Fabric and Node Health Validation

To list all fabric nodes:

moquery -c fabricNode

To check fabric health scores:

moquery -c fabricHealth

These commands are commonly used before and after production changes to ensure stability.


Interface and Path Troubleshooting

To list physical interfaces:

moquery -c ethpmPhysIf

To check interface operational state:

moquery -c ethpmPhysIf | grep operSt

To validate static path bindings:

moquery -c fvRsPathAtt

These commands explain many partial connectivity issues, link‑state problems, and unexpected traffic drops.

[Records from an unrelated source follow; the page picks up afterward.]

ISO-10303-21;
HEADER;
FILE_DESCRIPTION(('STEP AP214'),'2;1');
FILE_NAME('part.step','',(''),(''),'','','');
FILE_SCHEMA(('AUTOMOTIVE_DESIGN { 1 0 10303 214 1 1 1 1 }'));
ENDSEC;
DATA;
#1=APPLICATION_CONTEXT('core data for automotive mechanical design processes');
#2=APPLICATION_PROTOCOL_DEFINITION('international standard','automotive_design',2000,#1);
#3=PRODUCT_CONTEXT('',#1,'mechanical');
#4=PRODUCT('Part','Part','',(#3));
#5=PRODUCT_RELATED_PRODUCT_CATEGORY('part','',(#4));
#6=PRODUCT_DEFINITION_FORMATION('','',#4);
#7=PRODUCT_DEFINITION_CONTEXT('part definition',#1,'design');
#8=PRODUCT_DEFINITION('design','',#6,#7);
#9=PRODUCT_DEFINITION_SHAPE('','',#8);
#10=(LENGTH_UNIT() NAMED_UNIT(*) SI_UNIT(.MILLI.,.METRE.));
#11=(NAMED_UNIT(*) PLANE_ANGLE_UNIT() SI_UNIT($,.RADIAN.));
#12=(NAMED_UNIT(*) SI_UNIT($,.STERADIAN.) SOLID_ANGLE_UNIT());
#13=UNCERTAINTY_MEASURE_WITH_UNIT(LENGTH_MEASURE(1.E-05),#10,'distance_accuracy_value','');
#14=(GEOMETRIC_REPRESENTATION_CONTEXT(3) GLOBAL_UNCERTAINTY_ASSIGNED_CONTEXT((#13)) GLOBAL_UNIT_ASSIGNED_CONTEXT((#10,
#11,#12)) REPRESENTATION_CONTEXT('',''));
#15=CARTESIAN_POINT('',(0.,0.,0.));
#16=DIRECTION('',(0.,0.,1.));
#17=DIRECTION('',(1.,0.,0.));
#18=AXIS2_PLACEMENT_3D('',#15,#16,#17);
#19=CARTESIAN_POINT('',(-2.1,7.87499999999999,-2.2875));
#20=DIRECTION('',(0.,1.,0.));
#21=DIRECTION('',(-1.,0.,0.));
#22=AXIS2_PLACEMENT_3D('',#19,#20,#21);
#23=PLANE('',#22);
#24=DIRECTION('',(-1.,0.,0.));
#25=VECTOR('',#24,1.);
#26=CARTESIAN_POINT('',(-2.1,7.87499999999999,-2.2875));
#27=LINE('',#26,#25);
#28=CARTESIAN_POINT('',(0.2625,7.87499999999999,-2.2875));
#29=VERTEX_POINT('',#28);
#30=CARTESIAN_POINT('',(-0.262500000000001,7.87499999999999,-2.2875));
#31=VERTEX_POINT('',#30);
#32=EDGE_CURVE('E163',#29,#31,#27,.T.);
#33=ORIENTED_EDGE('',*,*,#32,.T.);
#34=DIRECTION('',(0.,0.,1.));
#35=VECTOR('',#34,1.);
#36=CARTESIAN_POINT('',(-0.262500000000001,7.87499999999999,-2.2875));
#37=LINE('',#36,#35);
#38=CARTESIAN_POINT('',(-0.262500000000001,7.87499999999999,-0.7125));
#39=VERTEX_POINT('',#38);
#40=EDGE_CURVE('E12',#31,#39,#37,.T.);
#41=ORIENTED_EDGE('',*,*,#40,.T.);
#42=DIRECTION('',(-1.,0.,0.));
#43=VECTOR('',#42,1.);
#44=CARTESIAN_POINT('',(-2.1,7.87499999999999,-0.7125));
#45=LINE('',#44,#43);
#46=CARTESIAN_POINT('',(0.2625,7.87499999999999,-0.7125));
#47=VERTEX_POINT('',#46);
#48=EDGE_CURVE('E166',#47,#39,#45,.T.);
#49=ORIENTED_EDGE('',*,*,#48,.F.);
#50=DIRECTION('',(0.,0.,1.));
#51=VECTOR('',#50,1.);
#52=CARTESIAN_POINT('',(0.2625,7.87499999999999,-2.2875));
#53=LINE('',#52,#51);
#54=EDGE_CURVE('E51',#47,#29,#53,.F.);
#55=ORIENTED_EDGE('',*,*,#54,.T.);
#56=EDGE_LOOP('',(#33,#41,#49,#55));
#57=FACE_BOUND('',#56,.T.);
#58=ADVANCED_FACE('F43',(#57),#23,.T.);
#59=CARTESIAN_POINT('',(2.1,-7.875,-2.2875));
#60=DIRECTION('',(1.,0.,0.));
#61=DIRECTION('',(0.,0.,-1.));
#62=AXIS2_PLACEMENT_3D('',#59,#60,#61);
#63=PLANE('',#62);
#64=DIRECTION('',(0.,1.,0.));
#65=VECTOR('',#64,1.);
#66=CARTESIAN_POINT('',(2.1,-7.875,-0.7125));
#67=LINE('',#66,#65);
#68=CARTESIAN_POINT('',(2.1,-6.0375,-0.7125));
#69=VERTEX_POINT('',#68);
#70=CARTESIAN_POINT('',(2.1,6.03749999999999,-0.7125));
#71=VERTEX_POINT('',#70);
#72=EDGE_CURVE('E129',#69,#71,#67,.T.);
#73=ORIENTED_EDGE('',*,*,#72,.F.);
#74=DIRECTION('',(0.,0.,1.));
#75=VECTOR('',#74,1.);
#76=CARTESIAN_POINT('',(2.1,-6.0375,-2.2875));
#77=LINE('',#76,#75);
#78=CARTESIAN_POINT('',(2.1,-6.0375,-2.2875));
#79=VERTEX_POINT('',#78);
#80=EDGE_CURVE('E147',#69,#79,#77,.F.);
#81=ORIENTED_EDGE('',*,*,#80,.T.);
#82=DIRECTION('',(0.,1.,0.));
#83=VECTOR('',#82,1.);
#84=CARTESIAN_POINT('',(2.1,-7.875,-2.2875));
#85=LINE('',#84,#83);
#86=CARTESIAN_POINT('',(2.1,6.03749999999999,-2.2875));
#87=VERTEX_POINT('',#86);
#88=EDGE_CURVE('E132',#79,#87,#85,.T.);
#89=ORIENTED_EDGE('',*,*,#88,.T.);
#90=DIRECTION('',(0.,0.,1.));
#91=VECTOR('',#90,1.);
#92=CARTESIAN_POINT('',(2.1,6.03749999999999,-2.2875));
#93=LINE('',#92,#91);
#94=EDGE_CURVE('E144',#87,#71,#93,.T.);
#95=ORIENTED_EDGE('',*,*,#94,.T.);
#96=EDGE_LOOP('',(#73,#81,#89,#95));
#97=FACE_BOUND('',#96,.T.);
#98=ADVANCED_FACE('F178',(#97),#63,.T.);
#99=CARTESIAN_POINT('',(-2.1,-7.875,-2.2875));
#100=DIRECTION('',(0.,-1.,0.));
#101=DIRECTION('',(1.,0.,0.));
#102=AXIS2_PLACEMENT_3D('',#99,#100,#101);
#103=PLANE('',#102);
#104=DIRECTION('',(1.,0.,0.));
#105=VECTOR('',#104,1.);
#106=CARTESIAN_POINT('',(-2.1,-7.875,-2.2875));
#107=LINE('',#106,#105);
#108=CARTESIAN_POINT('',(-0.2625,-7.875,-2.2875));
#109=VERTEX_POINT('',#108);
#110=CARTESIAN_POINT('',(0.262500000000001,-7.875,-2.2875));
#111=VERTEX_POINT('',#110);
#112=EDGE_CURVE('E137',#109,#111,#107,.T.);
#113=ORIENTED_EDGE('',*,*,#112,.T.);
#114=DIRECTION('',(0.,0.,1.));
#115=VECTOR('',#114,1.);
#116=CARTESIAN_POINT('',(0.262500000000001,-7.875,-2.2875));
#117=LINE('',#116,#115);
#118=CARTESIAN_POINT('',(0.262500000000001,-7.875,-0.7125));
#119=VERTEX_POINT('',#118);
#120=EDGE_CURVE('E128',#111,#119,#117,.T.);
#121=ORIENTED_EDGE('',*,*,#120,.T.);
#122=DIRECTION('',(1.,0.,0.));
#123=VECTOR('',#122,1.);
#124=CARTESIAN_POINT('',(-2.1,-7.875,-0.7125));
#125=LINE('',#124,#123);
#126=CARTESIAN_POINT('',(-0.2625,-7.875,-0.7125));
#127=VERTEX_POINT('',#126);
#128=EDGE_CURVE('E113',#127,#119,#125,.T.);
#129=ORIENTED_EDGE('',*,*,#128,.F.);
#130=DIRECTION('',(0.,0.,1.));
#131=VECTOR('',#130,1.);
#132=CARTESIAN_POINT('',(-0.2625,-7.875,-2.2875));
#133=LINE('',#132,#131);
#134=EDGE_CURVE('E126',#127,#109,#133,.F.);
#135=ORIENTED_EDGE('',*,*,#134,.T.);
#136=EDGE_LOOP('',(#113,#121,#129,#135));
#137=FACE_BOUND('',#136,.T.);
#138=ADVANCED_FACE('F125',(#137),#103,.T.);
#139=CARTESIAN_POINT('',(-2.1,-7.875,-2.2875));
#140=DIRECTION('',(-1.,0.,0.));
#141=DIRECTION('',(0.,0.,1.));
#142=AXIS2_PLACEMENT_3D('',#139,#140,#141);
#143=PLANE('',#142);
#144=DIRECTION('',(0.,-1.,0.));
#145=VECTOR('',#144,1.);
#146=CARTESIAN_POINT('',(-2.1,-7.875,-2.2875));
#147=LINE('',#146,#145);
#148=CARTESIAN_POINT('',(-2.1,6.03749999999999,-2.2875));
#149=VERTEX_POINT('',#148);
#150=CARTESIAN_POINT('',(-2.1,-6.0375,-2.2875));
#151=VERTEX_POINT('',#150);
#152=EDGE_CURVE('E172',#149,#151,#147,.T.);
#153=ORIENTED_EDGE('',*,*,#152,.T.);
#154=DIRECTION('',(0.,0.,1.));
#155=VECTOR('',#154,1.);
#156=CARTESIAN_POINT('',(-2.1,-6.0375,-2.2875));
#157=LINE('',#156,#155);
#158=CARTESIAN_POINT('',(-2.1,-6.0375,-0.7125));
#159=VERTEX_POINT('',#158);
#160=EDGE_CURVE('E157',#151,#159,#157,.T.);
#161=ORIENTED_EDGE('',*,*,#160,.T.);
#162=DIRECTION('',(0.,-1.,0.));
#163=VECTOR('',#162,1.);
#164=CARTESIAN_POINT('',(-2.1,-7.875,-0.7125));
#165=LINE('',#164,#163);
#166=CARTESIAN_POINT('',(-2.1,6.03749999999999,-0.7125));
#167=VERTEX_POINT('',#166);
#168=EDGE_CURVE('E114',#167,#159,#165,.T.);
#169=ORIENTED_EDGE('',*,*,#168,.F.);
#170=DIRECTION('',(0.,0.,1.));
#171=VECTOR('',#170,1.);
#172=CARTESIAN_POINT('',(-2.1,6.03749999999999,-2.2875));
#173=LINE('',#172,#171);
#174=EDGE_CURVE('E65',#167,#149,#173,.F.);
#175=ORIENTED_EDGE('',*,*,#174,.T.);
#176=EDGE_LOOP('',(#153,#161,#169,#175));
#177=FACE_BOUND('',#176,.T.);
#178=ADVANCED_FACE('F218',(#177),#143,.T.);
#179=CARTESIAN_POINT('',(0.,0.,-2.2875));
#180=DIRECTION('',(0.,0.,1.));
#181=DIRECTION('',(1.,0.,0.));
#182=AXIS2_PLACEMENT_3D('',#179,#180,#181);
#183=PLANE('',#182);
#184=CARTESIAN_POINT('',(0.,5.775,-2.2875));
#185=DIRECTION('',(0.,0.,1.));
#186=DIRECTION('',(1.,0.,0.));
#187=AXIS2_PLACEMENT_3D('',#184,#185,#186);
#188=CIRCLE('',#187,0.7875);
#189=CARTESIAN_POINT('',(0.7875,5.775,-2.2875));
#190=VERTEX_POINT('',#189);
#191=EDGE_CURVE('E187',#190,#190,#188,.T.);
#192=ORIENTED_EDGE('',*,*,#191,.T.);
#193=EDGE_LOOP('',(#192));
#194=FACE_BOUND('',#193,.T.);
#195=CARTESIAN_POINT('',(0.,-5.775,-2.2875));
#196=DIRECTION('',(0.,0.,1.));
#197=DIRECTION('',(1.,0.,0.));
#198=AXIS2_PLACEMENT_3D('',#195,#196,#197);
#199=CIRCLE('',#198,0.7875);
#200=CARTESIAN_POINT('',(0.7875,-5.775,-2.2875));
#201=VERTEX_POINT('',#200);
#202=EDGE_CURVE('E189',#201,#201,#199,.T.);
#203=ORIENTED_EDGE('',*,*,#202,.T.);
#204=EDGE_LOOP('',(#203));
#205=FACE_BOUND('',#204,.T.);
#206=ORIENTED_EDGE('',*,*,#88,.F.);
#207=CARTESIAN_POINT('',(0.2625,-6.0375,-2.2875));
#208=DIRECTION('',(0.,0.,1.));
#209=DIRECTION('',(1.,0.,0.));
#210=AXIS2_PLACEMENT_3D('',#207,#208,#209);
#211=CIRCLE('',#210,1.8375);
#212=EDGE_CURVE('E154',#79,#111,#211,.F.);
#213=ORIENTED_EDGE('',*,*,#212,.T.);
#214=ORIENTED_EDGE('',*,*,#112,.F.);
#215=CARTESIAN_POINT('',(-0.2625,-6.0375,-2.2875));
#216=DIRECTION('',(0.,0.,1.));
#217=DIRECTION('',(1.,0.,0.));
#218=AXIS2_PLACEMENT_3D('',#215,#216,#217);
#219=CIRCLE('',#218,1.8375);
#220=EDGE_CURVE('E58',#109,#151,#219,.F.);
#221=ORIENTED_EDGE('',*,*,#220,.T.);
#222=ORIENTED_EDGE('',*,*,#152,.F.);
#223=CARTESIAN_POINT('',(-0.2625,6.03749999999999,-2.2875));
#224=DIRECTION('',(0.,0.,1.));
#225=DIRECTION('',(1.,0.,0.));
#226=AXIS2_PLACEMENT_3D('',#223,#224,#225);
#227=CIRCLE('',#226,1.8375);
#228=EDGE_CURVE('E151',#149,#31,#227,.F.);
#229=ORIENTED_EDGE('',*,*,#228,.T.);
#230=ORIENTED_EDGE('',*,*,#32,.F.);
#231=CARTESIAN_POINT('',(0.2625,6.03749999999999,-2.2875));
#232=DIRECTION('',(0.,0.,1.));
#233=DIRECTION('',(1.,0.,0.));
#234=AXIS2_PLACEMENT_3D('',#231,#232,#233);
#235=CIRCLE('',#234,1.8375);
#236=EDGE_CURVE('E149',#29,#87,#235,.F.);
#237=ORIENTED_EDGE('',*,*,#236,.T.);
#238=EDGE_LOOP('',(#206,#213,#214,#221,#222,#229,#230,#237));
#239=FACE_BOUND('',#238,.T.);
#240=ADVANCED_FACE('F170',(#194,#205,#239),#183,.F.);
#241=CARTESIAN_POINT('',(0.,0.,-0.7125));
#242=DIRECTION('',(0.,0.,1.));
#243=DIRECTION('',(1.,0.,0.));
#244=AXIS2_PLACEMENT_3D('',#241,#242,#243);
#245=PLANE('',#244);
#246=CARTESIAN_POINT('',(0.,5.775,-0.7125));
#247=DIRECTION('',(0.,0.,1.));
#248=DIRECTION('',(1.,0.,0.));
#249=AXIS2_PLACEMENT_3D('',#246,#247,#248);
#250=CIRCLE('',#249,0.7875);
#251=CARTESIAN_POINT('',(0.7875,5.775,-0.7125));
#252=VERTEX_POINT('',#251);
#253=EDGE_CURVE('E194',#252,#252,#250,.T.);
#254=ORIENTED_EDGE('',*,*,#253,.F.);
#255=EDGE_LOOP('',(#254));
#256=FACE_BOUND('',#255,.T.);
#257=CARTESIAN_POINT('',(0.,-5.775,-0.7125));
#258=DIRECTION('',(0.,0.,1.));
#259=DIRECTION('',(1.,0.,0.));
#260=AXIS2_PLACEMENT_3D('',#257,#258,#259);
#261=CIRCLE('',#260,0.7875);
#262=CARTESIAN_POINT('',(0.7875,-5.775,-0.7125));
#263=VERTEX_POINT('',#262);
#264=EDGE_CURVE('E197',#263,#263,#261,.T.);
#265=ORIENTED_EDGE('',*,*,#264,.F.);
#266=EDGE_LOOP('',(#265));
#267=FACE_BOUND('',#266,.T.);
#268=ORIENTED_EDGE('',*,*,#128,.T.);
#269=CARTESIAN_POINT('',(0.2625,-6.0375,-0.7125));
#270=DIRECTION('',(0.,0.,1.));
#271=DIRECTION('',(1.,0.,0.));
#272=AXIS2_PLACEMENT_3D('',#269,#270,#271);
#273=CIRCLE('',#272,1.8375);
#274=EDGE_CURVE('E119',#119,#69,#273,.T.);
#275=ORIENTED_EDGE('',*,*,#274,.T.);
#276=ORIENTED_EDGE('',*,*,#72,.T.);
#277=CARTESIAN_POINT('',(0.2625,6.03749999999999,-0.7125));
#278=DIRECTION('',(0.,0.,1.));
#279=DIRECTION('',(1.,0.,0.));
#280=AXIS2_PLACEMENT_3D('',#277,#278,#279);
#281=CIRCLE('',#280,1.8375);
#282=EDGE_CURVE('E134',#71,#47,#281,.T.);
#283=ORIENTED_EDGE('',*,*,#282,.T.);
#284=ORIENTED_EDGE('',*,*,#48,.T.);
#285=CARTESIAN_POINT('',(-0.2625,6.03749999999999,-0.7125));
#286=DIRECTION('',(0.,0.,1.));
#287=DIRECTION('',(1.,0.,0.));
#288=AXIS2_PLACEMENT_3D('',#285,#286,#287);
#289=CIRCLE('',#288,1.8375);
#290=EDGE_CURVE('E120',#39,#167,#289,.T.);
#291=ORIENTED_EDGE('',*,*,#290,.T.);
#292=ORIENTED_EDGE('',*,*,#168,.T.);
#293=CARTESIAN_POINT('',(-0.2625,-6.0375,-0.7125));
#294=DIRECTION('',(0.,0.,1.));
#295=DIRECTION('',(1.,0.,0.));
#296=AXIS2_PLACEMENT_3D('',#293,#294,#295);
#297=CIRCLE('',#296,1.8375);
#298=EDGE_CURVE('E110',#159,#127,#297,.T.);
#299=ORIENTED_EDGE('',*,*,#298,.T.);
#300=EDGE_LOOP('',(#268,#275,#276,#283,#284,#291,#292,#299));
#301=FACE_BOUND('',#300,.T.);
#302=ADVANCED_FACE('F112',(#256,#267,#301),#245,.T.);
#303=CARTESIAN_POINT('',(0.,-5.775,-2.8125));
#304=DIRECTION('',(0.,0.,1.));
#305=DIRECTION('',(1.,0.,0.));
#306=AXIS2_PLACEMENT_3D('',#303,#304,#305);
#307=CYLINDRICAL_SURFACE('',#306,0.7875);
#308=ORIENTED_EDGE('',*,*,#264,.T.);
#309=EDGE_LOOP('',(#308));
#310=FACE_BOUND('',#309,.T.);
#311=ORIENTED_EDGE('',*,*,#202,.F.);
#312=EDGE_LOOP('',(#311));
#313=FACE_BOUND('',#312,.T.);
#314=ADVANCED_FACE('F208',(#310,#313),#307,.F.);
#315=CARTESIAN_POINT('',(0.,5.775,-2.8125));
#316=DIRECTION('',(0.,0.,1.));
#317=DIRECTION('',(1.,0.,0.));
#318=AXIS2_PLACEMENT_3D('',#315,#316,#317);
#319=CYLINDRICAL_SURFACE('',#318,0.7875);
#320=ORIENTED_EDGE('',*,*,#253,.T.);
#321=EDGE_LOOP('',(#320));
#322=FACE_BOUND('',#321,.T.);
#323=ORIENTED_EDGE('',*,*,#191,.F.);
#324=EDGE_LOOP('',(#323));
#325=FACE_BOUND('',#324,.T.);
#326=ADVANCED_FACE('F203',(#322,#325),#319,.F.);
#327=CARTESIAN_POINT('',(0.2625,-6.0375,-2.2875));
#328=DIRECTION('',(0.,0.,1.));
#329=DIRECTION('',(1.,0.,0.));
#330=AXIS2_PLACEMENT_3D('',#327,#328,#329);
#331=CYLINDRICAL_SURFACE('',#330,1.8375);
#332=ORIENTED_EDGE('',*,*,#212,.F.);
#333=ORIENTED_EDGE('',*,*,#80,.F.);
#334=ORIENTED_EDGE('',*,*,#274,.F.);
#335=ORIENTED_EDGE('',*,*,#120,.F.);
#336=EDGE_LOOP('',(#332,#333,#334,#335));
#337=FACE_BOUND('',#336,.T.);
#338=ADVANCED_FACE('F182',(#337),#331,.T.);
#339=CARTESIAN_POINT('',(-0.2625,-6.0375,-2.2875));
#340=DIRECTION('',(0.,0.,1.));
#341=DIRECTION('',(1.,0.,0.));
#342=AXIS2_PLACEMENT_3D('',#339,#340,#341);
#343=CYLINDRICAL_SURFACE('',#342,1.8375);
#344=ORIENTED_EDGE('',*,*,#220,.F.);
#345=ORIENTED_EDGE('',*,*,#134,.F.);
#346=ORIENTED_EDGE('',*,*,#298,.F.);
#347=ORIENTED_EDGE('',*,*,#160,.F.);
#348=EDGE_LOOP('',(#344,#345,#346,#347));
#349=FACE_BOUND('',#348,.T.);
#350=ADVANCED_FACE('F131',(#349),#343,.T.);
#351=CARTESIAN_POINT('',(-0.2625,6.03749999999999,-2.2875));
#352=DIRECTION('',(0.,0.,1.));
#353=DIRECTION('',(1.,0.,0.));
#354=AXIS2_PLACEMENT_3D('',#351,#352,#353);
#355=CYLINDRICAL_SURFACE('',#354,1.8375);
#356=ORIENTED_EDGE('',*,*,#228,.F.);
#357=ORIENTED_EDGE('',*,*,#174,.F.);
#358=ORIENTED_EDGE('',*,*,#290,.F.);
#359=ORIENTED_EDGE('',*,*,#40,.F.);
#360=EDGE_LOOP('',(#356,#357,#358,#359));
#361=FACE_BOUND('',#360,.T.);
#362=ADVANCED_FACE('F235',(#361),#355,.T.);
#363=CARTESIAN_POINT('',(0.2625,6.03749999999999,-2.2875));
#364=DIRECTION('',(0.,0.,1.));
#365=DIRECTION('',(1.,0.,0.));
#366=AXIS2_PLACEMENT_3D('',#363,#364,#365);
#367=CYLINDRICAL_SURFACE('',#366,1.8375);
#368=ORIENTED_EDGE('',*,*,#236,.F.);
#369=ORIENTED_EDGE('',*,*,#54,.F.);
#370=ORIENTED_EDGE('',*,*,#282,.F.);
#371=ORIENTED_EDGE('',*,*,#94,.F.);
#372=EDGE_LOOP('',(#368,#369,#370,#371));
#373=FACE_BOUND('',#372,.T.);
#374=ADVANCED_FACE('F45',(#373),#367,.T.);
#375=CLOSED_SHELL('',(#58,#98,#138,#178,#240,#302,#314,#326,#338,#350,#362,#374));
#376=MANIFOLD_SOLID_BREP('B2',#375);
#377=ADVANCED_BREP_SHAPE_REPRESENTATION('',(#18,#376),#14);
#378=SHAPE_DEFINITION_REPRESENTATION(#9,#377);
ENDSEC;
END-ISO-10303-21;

Best Practices for Daily MoQuery Usage

  • Use moquery during incidents, not after
  • Save outputs for RCA and audits
  • Combine moquery with grep for faster analysis
  • Learn common managed object classes such as fvCEp, fvAEPg, fvBD, fvCtx, and faultInst

Why Every ACI Engineer Should Master MoQuery

Moquery significantly reduces MTTR, increases confidence during incidents, and exposes the actual state of the fabric. Engineers who master moquery troubleshoot faster, avoid mistakes, and operate more effectively in large ACI environments.


Conclusion

Moquery is one of the most powerful yet underutilized tools in Cisco ACI. While the APIC GUI is excellent for visualization, moquery provides the facts. For serious ACI operations, moquery should be part of every engineer’s daily workflow.